April has been a memorable month, with close to 40,000 works newly indexed. We thus reached 900,000 index works, of which 750,000 are online. Also, we have now counted 200 millions abstract views since the start of the project, a highly filtered number as the raw count before removing multiple views, robots and other “illegal” activity is four times that.

The 13 new archives that joined RePEc in April were: Chapman University, Africa Growth Institute, Università Cattolica del Sacro Cuore (II), Programme National Persée, United Nations Development Programme, University of Winnipeg, University of Valencia (III), Leuphana University Lüneburg, Revista de Economía Crítica, Università Roma 1 (III), University of California-Davis, Pontifica Universidad Católica de Perú, Università Roma 2 (II).

And, finally, we reached an impressive list of thresholds during the month:
200,000,000 cumulative abstract views
900,000 listed works
750,000 listed online works
500,000 abstracts
24,000 registered authors
3,000 online books


How to improve citation coverage in RePEc

April 28, 2010

One aspect of RePEc that has grown in importance over the last years is its citations analysis, provided by the CitEc project, in particular due to their use in rankings.
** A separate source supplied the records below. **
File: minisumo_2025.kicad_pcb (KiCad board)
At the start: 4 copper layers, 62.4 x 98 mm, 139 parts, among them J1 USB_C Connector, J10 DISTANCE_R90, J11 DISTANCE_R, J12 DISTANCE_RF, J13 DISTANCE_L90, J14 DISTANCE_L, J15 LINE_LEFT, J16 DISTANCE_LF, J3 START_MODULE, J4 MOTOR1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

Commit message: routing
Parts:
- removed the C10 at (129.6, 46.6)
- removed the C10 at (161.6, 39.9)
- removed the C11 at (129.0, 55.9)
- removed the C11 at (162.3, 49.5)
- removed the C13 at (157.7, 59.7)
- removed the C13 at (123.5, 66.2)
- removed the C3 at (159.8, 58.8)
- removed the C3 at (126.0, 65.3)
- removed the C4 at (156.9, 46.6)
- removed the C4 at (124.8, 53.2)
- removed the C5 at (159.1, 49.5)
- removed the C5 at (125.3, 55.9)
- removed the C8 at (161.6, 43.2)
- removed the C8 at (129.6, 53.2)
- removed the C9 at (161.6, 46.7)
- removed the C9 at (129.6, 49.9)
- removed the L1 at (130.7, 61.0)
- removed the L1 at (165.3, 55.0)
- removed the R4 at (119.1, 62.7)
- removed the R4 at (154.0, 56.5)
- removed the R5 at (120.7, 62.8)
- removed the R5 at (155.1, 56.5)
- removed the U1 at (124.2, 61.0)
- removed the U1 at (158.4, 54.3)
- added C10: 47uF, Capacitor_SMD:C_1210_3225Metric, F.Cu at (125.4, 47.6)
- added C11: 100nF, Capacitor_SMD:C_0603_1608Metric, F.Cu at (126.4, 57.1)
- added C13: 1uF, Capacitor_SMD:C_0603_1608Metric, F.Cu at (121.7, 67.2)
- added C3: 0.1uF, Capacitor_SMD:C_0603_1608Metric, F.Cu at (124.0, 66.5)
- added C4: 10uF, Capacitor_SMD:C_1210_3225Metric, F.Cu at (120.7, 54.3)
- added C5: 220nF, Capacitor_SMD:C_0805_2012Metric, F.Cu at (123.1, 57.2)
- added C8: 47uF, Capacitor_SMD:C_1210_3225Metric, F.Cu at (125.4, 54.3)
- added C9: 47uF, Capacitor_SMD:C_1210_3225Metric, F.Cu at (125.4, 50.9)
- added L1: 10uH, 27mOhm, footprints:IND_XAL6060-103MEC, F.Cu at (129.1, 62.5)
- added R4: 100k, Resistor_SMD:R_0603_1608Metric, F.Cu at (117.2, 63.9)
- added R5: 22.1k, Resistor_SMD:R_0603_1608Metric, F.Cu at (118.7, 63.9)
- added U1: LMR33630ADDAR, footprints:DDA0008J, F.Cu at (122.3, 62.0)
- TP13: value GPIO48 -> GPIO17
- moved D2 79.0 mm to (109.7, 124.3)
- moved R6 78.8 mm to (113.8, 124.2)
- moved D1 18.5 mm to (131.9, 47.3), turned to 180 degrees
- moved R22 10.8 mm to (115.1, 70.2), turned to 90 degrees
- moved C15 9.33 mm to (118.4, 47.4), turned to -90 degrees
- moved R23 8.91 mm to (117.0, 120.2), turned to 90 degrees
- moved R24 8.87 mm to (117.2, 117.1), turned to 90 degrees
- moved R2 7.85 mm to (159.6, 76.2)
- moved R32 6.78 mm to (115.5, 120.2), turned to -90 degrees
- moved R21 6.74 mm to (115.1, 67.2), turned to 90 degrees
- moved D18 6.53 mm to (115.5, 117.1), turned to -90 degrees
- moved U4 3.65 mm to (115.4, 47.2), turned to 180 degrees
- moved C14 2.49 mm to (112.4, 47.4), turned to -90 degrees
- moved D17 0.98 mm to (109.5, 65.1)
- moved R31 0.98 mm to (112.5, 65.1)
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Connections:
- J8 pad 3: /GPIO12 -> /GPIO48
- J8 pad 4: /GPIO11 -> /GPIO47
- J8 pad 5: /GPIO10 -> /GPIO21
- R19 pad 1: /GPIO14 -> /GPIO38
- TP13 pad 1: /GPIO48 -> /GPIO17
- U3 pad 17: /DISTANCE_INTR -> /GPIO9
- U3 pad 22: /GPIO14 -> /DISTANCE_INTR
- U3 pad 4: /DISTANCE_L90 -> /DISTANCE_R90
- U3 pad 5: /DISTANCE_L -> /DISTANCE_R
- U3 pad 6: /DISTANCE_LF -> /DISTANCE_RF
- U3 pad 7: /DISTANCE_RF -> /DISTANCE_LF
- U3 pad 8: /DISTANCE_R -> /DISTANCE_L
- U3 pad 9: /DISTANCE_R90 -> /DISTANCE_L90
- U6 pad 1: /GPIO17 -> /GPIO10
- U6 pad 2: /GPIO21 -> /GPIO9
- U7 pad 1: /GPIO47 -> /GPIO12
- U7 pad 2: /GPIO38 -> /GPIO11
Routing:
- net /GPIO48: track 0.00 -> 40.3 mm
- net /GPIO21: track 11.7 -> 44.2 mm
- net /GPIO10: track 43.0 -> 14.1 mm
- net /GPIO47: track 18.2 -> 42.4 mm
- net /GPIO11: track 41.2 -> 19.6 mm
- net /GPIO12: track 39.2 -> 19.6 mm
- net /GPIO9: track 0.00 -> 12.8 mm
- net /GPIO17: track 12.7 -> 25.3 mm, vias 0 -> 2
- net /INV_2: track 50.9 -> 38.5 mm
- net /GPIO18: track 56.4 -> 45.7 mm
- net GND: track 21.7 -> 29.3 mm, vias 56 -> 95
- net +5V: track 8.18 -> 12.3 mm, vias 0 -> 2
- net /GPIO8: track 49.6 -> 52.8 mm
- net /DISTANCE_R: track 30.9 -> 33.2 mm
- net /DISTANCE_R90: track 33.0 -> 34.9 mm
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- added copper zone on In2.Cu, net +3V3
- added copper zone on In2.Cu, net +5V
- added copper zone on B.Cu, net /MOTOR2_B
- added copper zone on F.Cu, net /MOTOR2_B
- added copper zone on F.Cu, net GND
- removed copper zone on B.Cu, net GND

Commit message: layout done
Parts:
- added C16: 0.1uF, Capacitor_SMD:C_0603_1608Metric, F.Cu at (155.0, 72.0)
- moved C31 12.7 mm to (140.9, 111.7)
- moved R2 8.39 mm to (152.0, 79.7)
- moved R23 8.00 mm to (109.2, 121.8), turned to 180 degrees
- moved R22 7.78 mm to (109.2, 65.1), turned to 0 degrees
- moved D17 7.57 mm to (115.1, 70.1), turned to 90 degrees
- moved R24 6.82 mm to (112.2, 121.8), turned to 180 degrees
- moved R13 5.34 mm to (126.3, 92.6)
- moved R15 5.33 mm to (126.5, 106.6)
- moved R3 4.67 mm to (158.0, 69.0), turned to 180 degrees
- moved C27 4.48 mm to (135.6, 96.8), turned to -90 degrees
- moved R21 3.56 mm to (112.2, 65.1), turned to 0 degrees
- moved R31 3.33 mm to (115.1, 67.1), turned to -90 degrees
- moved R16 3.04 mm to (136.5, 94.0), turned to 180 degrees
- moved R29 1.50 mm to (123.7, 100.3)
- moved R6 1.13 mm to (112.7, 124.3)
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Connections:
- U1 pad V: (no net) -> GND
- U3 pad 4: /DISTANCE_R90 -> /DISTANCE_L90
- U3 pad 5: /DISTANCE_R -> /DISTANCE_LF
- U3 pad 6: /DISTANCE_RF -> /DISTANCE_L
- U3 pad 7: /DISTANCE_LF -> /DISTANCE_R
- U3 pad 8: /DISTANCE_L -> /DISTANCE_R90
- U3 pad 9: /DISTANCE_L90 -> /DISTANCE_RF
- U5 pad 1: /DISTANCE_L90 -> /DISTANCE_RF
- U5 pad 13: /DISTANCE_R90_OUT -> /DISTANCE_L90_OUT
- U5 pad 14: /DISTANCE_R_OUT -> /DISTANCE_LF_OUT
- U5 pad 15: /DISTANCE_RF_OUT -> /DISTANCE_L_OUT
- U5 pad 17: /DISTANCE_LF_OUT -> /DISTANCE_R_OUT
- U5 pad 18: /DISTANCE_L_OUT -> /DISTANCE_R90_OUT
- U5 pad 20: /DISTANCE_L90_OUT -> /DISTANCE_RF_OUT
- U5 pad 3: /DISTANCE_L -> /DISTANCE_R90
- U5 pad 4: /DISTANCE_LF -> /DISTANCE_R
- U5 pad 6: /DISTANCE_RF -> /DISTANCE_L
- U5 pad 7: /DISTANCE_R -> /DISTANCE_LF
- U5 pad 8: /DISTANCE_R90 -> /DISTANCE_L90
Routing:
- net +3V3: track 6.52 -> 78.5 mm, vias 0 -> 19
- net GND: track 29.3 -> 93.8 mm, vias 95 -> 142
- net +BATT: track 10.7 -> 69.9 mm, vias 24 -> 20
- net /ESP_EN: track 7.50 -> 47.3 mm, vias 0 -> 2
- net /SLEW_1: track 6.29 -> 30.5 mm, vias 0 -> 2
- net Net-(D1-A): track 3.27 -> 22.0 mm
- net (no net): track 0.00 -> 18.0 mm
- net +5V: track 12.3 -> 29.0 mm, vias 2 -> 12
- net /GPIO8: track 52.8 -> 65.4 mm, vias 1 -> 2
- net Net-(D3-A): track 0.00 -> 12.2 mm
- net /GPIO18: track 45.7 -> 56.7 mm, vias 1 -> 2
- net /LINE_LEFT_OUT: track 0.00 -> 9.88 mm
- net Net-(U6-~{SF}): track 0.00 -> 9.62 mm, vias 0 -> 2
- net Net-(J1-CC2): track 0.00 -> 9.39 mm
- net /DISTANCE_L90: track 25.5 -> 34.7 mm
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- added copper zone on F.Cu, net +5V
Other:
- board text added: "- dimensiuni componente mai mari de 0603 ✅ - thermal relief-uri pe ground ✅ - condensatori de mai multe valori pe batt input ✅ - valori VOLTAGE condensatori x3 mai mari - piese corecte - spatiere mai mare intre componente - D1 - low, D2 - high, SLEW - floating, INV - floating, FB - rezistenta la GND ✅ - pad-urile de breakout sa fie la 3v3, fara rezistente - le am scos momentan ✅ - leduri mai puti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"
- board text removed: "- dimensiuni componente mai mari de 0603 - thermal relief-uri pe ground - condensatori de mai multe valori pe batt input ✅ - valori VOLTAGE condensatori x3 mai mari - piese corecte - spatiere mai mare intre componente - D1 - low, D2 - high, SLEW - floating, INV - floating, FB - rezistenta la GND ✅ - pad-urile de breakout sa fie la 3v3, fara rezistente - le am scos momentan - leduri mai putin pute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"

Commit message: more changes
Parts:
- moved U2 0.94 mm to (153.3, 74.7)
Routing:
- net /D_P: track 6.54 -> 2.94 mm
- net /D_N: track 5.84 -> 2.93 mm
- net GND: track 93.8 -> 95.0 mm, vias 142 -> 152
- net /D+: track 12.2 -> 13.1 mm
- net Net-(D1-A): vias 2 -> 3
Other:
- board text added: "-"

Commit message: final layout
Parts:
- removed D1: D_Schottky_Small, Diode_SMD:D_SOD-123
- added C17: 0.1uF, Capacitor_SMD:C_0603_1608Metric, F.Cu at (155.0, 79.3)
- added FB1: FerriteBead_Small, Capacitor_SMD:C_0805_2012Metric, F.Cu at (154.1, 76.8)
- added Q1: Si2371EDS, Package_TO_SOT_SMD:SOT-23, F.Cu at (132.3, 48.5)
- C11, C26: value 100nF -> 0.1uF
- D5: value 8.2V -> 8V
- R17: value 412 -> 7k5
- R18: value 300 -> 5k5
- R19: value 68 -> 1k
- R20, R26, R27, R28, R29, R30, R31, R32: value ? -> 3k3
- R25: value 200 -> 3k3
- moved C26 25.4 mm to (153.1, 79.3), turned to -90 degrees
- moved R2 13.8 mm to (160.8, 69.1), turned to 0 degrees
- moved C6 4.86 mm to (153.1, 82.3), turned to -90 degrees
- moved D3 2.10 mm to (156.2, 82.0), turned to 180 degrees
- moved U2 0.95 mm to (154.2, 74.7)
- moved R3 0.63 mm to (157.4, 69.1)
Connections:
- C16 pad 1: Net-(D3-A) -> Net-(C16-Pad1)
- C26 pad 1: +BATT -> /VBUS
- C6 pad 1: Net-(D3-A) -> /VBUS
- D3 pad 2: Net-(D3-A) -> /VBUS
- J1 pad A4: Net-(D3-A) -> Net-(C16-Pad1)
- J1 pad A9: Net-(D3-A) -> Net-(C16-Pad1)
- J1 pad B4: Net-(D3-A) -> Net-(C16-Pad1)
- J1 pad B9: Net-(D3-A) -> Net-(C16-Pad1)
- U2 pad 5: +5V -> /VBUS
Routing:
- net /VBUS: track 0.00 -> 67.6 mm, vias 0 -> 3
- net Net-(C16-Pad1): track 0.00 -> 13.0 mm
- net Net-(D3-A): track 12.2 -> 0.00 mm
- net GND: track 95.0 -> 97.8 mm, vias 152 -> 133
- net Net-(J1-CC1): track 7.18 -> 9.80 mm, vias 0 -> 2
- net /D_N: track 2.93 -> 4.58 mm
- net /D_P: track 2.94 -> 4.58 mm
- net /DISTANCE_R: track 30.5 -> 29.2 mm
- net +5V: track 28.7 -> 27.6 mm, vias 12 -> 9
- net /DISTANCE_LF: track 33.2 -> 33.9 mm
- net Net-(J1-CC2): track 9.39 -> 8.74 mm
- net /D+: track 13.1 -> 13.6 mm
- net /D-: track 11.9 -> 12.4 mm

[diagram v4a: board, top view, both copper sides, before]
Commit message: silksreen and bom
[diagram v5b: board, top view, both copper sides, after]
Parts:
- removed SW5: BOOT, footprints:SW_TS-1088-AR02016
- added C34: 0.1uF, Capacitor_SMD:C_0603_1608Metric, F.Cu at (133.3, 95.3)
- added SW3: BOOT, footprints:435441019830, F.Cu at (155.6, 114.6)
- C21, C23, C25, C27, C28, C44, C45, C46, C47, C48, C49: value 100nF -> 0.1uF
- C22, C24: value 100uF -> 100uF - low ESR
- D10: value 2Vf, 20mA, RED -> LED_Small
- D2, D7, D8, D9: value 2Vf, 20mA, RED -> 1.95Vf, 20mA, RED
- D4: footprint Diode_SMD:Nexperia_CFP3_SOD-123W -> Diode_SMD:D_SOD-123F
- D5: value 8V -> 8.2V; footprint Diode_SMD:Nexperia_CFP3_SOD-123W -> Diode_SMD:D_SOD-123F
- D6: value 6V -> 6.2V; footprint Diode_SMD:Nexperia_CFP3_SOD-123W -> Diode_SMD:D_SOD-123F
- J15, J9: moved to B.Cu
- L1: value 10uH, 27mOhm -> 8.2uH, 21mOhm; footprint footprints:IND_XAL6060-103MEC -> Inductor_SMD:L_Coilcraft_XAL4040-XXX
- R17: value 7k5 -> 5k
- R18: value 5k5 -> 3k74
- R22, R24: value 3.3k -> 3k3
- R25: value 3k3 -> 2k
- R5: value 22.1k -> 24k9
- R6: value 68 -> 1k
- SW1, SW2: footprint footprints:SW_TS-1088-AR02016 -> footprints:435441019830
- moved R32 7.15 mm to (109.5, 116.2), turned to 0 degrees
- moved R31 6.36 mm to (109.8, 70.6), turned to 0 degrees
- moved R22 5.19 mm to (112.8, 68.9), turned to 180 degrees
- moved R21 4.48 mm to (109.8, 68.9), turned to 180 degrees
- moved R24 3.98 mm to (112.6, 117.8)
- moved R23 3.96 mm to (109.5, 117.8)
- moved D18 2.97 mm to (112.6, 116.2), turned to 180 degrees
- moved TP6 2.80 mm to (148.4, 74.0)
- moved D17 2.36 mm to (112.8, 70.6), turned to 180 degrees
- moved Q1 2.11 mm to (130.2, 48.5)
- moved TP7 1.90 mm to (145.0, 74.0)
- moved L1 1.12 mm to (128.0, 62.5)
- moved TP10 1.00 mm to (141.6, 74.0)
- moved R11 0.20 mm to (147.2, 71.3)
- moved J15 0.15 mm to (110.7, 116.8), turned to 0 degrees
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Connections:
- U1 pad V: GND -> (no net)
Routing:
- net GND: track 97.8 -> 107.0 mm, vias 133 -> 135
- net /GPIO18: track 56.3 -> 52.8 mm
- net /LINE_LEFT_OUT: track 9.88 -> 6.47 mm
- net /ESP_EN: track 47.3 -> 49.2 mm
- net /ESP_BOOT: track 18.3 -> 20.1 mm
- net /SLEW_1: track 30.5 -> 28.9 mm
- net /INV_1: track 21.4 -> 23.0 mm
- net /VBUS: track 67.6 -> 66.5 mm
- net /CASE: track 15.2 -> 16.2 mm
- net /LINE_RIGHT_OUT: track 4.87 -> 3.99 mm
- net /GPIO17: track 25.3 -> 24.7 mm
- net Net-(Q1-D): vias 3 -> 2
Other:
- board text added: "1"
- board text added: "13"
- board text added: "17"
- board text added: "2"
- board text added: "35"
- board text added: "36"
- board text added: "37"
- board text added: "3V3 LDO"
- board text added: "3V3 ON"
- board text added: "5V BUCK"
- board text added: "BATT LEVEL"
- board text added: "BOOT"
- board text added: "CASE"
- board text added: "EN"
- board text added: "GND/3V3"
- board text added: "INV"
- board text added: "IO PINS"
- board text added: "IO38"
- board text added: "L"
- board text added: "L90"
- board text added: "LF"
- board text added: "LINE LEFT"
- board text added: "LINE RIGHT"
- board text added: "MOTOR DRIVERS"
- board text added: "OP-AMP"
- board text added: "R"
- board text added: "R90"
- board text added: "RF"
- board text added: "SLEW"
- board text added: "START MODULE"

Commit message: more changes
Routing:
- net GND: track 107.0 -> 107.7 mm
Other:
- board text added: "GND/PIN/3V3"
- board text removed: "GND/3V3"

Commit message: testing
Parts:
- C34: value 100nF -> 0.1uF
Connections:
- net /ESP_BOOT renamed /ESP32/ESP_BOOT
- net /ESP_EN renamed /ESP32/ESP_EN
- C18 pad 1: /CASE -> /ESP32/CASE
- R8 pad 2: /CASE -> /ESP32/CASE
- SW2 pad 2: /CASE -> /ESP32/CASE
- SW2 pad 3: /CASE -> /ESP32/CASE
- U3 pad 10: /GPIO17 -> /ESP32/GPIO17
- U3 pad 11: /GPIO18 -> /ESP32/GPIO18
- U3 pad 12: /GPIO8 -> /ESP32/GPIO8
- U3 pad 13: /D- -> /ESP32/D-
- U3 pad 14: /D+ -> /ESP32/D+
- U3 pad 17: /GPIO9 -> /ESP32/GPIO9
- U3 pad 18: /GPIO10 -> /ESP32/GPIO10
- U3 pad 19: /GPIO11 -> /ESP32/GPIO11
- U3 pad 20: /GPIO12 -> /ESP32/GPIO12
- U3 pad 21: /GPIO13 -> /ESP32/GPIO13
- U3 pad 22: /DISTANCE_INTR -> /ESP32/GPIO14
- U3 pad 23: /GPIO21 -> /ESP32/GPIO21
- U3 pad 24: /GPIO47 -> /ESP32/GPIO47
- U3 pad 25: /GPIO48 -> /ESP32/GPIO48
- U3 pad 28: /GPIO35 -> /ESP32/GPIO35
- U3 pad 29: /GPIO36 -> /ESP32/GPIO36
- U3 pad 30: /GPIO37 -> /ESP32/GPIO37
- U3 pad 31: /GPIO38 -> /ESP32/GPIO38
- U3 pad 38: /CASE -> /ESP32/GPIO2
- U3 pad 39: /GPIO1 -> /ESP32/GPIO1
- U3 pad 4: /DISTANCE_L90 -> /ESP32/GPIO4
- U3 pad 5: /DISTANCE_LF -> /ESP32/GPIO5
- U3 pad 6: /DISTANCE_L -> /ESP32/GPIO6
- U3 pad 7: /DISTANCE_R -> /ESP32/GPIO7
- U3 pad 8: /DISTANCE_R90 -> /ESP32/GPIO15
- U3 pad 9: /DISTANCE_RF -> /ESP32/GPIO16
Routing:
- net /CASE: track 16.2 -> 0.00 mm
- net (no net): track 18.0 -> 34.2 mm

Citations extractions is a complex process. First, one needs to be able to access texts and find where references are (see details), then one needs to be able to interpret those references and match them with some work already listed in RePEc (see details). At this time, 5,400,000 references could be extracted from 240,000 works, with 2,300,000 matched to an item listed in RePEc. While these numbers may sound impressive, it still means that only about a third of online texts could be parsed successfully. To improve on this we rely on the RePEc archive maintainers to help us do a better job. Here is some advice in this regard that they should heed, as any linked reference allows links back and forth between the citing and cited works, thus increasing visibility.


  1. Check out how successful CitEc is in extracting references from your series and journals. Maintainers receive every months statistics about coverage that they can monitor. In addition, they can look up on CitEc the reasons why some items were not processed. For the series with the best coverage, see here.
  2. Make sure links in the metadata go directly to a pdf file, and not to an intermediate abstract page. CitEc does not go further than the link that is provided to it. If you really want the abstract page present in the metadata, provide it as a second link.
  3. Make sure that CitEc is actually allowed to get to the pdf. If the pdfs are gated, consider allowing CitEc to access with its IP, which will be provided upon request.
  4. The above are not possible, or if for some other reason references cannot be parsed, one can also transfer references to CitEc by using the X-File-Ref construct in the metadata, as described here.
  5. For larger archives, an alternative way of transferring references can be arranged.
  6. Also, CitEc sometimes grabs too many references. This happens for working papers when a list of other papers in the series is appended. This is also a waste of paper. We strongly recommend not to have such lists and, where they are present, to alert CitEc so that these errors can be remedied.

Any request should be send to José Manuel Barrueco, who is in charge of the CitEc project.